══ RECORD SET

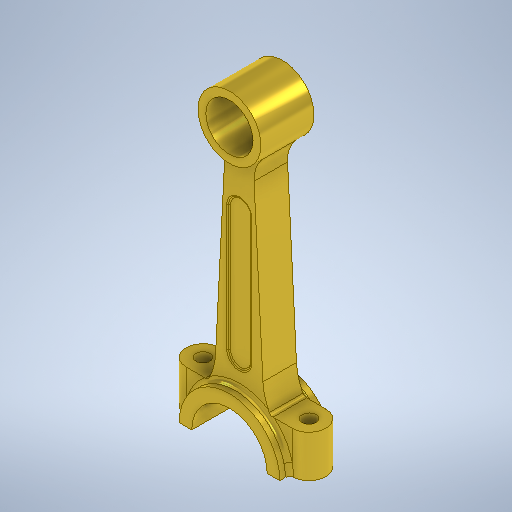
# Autodesk Inventor part: Part 3 Connecting rod
Saved by Autodesk Inventor 2025.2 (Build 292293000, 293)
## iProperties
Created: 2025-03-19
Part Number: Part 3 Connecting rod
Material: Stainless Steel
Document SubType Name: Sheet Metal
Designer: User
Density: 8 g/cm^3
Sheet Metal Rule: Default_mm
Appearance: Metal 2400F Hot
Author: User
Autodesk Inventor part; units mm, degrees
ref_plane "YZ Plane" through (0, 0, 0) normal (1, 0, 0) x (0, 1, 0)
sketch "Sketch1" plane through (0, 0, 0) normal (0, 0, 1) x (1, 0, 0)
  circle A0 centre (0, 94.1694) radius 22.5
  circle A1 centre (0, 94.1694) radius 16.9
  arc A2 (36, -107.0306) -> (-36, -107.0306) centre (0, -107.0306) ccw
  arc A3 (27, -107.0306) -> (-27, -107.0306) centre (0, -107.0306) ccw
  line L0 (-10, 74.0137) -> (-17.8497, -75.7674)
  line L1 (0, -107.0306) -> (0, 94.1694) construction
  line L2 (10, 74.0137) -> (17.8497, -75.7674)
  line L3 (-36, -107.0306) -> (-27, -107.0306)
  line L4 (27, -107.0306) -> (36, -107.0306)
  point P0 (0, 0)
  point P1 (17.8497, -75.7674)
  dimension "d0" = 45
  dimension "d1" = 33.8
  dimension "d2" = 72
  dimension "d3" = 54
  dimension "d4" = 201.2
  dimension "d6" = 3
  dimension "d7" = 6
  constraints: 10 end point, 5 point on circle, 3 centre point, 2 coincident, 2 horizontal, 2 symmetric about line, 1 vertical, 3 other
  measures "d1" diameter of A1
  measures "d2" diameter of A2
  measures "d3" diameter of A3
  measures "d4" distance of A2.centre point (0, 94.169)
  measures "d6" angle of L0 L1
  measures "d7" angle of L0 L2
extrude "Extrusion1" add sketch "Sketch1" along normal mid plane 38 contours A0 | A2 L4 A3 L3
extrude "Extrusion2" add sketch "Sketch1" along normal mid plane 24 contours A0 L2 A2 L0
fillet "Fillet1" radius 40 2 edges at (17.8497, -75.7674, 0) (-17.8497, -75.7674, 0)
fillet "Fillet2" radius 22.5 2 edges at (10, 74.0137, 0) (-10, 74.0137, 0)
sketch "Sketch2" plane through (0, 0, 12) normal (0, 0, 1) x (1, 0, 0)
  circle A0 centre (0, 94.1694) radius 16.9 projected
  arc A1 (27, -107.0306) -> (-27, -107.0306) centre (0, -107.0306) ccw projected
  line L0 (0, 94.1694) -> (0, -107.0306) construction
  line L1 (0, 38.5694) -> (0, -51.4306) construction
  line L2 (-8, 38.5694) -> (-8, -51.4306)
  line L3 (8, -51.4306) -> (8, 38.5694)
  arc A2 (8, 38.5694) -> (-8, 38.5694) centre (0, 38.5694) ccw
  arc A3 (-8, -51.4306) -> (8, -51.4306) centre (0, -51.4306) ccw
  point P0 (0, 0)
  point P1 (0, -6.4306)
  dimension "d14" = 90
  dimension "d15" = 8
  dimension "d16" = 55.6
  constraints: 10 end point, 4 point on circle, 4 tangent, 2 centre point, 2 point on line, 1 midpoint, 1 parallel, 1 vertical
  measures "d14" distance of L3.start L3.end
  measures "d15" radius of A2
  measures "d16" vertical distance of L0.start L3.end
extrude "Extrusion3" cut sketch "Sketch2" against normal blind 1 contours A2 L3 A3 L2
ref_plane "Work Plane1" through (0, 0, 0) normal (0, 0, 1) x (1, 0, 0)
mirror "Mirror1" about plane through (0, 0, 0) normal (0, 0, 1) of "Extrusion3"
fillet "Fillet3" radius 1 16 edges at (8, -6.4306, 12) (0, -59.4306, 12) (-8, -6.4306, 12) (0, 46.5694, 12) (8, -6.4306, 11) (0, -59.4306, 11) (-8, -6.4306, 11) (0, 46.5694, 11) (-8, -6.4306, -12) (0, -59.4306, -12) (8, -6.4306, -12) (0, 46.5694, -12) (8, -6.4306, -11) (0, -59.4306, -11) (-8, -6.4306, -11) (0, 46.5694, -11)
ref_plane "Work Plane2" through (27, -77.0306, 19) normal (0, -1, 0) x (1, 0, 0)
sketch "Sketch3" plane through (27, -77.0306, 19) normal (0, -1, 0) x (1, 0, 0)
  line L0 (0, -38) -> (-54, -38) projected
  line L1 (9, 0) -> (9, -38) projected
  line L2 (11, -19) -> (-65, -19) construction
  line L3 (11, -7) -> (-65, -7)
  line L4 (-65, -31) -> (11, -31)
  arc A0 (11, -31) -> (11, -7) centre (11, -19) ccw
  arc A1 (-65, -7) -> (-65, -31) centre (-65, -19) ccw
  point P0 (-27, -19)
  point P1 (-27, -19)
  point P2 (23, -19)
  point P3 (9, -19)
  point P4 (-27, -38)
  dimension "d21" = 76
  dimension "d22" = 12
  constraints: 8 end point, 5 point on circle, 4 tangent, 3 midpoint, 2 centre point, 1 horizontal, 1 horizontal alignment, 1 parallel, 1 vertical alignment
  measures "d21" distance of L4.start L4.end
  measures "d22" radius of A1
extrude "Extrusion4" add sketch "Sketch3" along normal up to surface (30 mm away)
sketch "Sketch4" plane through (0, -107.0306, -12) normal (0, 0, -1) x (-1, 0, 0)
  arc A0 (27, 0) -> (-27, 0) centre (0, 0) ccw projected
  line L0 (-27, 0) -> (27, 0) projected
  point P0 (0, 107.0306)
extrude "Extrusion5" cut sketch "Sketch4" against normal through all
fillet "Fillet4" radius 3 4 edges at (0, -71.0306, -12) (-22.4835, -77.0306, 0) (0, -71.0306, 12) (22.4835, -77.0306, 0)
sketch "Sketch5" plane through (-36, -107.0306, 19) normal (0, -1, 0) x (1, 0, 0)
  arc A0 (-2.8, -7.0267) -> (-2.8, -30.9733) centre (-2, -19) ccw projected
  point P0 (36, -19)
  constraints: 1 coincident
hole "Hole1" at (-38, -107.0306, 0) direction (0, 1, 0) diameter 10 end through all
sketch "Sketch6" plane through (27, -107.0306, -19) normal (0, -1, 0) x (1, 0, 0)
  arc A0 (11.8, 7.0267) -> (11.8, 30.9733) centre (11, 19) ccw projected
  point P0 (-27, 19)
  constraints: 1 coincident
hole "Hole2" at (38, -107.0306, 0) direction (0, 1, 0) diameter 10 end through all
equation "\"d33\" = Thickness"
equation "\"BendRadius\" = Thickness"
equation "\"BendReliefWidth\" = Thickness"
equation "\"BendReliefDepth\" = 0.5 * Thickness"
equation "\"CornerReliefSize\" = 4 * Thickness"
equation "\"MinimumRemnant\" = 2 * Thickness"
equation "\"TransitionRadius\" = BendRadius"
equation "\"JacobiRadiusSize\" = BendRadius"
equation "\"GapSize\" = Thickness"
equation "\"Thickness\" = 0.5"
body "Solid1"

════

» INSTRUCTIONS FOR THE TASK
Scan the records above for the lines holding "diameter of A2" and "A0 L2 A2 L0". Transcribe those two and every line between them word for word, and no others.

» EXERCISE ANSWER
  measures "d2" diameter of A2
  measures "d3" diameter of A3
  measures "d4" distance of A2.centre point (0, 94.169)
  measures "d6" angle of L0 L1
  measures "d7" angle of L0 L2
extrude "Extrusion1" add sketch "Sketch1" along normal mid plane 38 contours A0 | A2 L4 A3 L3
extrude "Extrusion2" add sketch "Sketch1" along normal mid plane 24 contours A0 L2 A2 L0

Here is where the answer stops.